The Fed left rates unchanged at its policy meeting last week while noting that measures of business and consumer sentiment had improved.

US stocks have risen since Donald Trump's Nov 8 election win as investors bet he'd deliver growth-boosting tax cuts, spending increases and ease up on regulations, though the new administration has yet to lay out concrete plans.

Fiscal Policy

Policy makers must gauge how quickly to raise rates to keep the labour market from running too hot and stoking inflation. While their task has been complicated by uncertainty over the future of US fiscal policy, recent data have shown progress toward their twin goals of inflation around 2 per cent and maximum employment.

"I don't want to get behind the curve - I don't think we're behind the curve now," Mr Harker said.

Mr Harker also said it was still too early to judge what the Trump team's policies would mean for the US economic outlook.

"They really haven't laid out, the administration, any details about what those policies would look like - and it's the package of policies," Mr Harker said.

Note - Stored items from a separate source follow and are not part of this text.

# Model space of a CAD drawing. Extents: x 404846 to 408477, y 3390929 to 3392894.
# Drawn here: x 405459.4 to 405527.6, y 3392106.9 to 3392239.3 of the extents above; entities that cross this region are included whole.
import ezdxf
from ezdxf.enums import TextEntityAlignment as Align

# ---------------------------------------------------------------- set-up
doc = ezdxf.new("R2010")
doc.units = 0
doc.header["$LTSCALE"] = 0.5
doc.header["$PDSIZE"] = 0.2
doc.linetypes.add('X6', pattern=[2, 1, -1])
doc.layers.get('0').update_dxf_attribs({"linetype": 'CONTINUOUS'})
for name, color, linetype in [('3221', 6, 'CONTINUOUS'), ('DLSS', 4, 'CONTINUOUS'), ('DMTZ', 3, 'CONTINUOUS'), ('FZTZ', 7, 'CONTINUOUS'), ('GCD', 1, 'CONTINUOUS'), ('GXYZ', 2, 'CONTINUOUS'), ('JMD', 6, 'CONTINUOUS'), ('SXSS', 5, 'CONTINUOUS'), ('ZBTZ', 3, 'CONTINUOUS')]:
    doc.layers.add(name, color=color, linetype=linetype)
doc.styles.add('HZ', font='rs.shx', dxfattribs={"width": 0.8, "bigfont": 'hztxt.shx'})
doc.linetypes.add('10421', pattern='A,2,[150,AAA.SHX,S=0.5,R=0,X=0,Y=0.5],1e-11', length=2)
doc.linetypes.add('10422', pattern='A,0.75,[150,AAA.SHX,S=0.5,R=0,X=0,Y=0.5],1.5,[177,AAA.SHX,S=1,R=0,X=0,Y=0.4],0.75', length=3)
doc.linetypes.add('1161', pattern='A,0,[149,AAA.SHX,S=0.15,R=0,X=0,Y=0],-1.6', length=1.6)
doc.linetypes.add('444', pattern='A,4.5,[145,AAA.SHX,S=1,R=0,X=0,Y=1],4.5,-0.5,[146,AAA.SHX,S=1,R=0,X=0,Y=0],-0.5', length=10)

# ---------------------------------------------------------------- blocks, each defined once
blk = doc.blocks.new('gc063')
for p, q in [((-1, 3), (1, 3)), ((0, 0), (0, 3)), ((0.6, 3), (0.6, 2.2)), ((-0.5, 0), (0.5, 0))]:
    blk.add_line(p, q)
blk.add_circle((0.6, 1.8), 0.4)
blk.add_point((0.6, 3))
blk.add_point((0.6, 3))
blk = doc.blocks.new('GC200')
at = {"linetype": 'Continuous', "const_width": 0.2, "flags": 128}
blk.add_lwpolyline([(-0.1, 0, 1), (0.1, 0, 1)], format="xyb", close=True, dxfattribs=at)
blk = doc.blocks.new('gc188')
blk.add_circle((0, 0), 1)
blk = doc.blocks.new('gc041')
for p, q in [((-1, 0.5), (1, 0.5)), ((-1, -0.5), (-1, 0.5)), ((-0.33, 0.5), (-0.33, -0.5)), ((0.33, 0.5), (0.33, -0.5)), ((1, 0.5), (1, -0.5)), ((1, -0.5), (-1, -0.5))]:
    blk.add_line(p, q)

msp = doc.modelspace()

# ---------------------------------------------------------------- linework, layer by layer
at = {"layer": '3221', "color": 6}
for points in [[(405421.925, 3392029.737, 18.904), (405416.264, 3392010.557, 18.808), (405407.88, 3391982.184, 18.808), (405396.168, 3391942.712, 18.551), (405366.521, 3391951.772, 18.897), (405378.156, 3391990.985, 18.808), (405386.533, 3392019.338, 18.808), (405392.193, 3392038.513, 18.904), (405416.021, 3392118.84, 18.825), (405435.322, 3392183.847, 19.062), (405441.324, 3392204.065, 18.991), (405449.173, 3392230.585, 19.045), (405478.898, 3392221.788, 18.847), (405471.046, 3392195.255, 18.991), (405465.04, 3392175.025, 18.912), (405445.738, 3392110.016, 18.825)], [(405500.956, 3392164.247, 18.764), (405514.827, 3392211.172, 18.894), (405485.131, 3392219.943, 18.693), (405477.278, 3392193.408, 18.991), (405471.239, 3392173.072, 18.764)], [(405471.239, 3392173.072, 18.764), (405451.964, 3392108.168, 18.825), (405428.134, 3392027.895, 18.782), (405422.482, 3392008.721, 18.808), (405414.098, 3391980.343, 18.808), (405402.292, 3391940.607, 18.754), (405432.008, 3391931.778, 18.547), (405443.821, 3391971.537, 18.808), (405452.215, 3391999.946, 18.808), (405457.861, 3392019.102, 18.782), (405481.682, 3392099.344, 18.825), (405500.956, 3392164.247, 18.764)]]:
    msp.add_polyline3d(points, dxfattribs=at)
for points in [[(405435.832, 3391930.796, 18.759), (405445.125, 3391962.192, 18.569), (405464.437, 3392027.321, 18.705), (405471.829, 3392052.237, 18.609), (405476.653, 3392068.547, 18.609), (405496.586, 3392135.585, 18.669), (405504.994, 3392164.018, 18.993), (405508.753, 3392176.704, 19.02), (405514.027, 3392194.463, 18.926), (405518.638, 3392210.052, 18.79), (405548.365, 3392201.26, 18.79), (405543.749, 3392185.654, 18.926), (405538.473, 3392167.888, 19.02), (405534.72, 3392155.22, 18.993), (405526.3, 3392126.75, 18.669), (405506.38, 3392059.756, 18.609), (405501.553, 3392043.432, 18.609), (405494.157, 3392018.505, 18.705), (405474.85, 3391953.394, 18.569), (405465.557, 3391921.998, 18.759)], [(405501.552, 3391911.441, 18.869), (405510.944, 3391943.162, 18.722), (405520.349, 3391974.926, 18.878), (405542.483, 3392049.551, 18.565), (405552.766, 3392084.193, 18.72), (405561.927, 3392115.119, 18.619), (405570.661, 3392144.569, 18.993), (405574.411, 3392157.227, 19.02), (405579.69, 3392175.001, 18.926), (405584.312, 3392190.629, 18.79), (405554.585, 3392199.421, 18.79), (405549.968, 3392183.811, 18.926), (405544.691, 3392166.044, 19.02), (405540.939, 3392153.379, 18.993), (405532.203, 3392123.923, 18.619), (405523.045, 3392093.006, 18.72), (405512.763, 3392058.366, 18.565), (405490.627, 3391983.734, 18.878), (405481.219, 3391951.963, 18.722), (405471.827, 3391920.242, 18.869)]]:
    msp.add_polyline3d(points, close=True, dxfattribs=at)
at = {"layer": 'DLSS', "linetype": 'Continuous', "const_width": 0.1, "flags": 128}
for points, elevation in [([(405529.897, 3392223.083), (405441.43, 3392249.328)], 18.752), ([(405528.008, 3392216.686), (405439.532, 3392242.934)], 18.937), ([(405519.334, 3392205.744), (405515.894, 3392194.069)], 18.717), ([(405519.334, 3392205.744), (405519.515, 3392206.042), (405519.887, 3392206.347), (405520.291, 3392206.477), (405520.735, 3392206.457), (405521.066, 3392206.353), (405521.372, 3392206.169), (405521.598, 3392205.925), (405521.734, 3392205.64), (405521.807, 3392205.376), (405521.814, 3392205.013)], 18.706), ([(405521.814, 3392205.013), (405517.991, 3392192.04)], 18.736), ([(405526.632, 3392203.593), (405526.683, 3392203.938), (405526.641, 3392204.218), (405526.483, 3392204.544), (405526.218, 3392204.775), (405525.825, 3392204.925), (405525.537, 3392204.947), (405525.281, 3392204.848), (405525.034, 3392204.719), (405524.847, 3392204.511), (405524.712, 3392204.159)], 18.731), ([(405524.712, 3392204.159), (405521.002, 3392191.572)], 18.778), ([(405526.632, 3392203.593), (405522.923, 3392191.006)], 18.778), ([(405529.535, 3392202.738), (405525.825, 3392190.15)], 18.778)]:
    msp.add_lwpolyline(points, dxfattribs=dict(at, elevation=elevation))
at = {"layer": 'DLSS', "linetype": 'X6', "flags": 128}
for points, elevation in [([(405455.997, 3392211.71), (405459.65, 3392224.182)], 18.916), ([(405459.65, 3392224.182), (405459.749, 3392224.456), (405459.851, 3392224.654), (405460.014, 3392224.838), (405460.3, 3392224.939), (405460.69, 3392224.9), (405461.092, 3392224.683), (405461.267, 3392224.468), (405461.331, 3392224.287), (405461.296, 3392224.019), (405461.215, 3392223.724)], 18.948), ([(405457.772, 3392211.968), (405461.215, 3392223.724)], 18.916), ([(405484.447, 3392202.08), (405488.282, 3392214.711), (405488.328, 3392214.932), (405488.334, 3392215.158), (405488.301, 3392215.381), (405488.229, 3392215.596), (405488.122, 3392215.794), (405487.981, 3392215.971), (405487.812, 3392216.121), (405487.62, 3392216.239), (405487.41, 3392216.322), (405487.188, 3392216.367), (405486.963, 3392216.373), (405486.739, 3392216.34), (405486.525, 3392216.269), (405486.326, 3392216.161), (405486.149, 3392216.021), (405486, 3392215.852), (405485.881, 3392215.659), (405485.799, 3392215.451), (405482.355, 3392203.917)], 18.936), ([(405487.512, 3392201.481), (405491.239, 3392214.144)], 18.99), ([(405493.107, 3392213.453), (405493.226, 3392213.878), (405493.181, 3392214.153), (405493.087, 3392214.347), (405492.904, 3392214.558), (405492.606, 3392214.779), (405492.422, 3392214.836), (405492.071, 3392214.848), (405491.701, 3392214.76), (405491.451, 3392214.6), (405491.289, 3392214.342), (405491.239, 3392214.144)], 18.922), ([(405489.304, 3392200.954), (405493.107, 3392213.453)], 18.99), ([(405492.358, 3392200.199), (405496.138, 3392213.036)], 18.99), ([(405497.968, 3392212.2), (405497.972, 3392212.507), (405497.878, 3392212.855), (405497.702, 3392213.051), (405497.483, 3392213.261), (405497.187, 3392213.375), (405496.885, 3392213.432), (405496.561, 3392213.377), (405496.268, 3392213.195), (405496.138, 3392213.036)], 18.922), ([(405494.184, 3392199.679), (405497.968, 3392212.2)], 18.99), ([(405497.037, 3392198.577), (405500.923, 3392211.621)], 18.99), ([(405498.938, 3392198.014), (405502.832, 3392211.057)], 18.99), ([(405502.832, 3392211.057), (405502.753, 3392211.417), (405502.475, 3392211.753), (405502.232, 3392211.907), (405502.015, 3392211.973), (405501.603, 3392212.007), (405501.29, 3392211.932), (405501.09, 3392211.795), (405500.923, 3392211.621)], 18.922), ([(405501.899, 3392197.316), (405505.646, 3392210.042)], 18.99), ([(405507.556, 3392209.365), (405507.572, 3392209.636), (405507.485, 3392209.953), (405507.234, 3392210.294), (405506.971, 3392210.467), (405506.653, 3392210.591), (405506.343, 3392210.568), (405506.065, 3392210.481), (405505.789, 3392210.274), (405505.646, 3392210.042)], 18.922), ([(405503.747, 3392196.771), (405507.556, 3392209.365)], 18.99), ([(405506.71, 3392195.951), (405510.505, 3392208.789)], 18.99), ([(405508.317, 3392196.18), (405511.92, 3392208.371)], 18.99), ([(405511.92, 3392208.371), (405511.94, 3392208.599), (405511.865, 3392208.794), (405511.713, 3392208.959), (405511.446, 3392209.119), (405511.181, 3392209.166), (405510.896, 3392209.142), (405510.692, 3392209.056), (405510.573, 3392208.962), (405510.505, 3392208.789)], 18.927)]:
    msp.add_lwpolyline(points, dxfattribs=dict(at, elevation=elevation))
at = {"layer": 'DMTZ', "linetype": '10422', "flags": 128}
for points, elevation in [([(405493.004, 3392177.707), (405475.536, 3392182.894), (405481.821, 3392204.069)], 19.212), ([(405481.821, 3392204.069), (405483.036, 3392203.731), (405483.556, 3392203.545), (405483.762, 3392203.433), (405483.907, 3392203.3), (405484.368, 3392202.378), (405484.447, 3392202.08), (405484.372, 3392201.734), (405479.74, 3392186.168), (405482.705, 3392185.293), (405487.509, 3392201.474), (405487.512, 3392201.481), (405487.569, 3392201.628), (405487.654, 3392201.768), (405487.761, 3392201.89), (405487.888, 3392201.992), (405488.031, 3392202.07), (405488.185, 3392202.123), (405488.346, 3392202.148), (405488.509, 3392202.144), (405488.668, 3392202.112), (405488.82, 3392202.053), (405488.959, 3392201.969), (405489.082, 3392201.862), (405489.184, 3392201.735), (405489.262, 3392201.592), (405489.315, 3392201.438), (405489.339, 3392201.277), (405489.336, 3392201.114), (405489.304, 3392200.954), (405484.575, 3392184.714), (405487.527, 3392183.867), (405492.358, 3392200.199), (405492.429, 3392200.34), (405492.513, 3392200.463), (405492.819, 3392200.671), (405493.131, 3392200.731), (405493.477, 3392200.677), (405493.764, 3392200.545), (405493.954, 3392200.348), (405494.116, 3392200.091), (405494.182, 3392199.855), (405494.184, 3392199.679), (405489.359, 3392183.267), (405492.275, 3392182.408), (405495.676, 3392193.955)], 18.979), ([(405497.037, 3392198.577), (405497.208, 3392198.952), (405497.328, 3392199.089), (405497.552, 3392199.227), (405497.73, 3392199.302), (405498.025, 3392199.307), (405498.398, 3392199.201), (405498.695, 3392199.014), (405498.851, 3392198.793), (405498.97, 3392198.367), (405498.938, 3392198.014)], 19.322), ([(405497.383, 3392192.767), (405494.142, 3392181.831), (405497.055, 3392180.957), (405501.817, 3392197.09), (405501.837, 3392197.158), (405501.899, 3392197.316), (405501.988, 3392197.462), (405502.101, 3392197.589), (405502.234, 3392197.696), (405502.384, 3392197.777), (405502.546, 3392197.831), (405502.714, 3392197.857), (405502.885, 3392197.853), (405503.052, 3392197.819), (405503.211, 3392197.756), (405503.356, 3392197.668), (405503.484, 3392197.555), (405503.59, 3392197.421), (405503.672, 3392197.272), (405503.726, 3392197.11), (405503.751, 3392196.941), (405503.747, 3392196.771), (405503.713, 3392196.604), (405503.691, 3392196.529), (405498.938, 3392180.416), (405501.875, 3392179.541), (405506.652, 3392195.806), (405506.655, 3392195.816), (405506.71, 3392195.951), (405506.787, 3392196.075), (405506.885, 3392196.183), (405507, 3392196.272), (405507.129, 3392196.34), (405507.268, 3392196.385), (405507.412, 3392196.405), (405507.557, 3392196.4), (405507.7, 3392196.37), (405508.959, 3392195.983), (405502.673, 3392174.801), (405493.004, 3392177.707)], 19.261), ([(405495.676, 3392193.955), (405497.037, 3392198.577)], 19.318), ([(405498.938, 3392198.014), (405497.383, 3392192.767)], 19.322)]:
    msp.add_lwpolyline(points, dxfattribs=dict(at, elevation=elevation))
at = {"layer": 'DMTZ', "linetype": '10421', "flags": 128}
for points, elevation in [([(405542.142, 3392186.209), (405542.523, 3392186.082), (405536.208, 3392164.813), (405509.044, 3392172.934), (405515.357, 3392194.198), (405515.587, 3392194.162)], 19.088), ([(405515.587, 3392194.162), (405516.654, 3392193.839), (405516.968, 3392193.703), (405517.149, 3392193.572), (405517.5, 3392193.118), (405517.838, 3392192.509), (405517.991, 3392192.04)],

"You could say, on one side, we're going to create infrastructure stimulus, at the same time we're going to reduce trade, by putting up tariffs, and then, potentially, retaliatory tariffs coming. What's the net effect of that? It all depends on the relative sizes of those programmes."

Mr Harker also cautioned against rolling back the Dodd-Frank Act without careful consideration of the banking reforms enacted in response to the 2008-2009 financial crisis.

"Let's just be thoughtful about what kind of changes we want, and make sure we really understand the implications of those changes," he said, noting that there are stability-enhancing measures in Dodd-Frank, and it's impossible to talk about the law in generalities.

Mr Trump on Friday ordered a sweeping review of Dodd-Frank in his administration's most aggressive steps yet to loosen regulations in the financial services industry.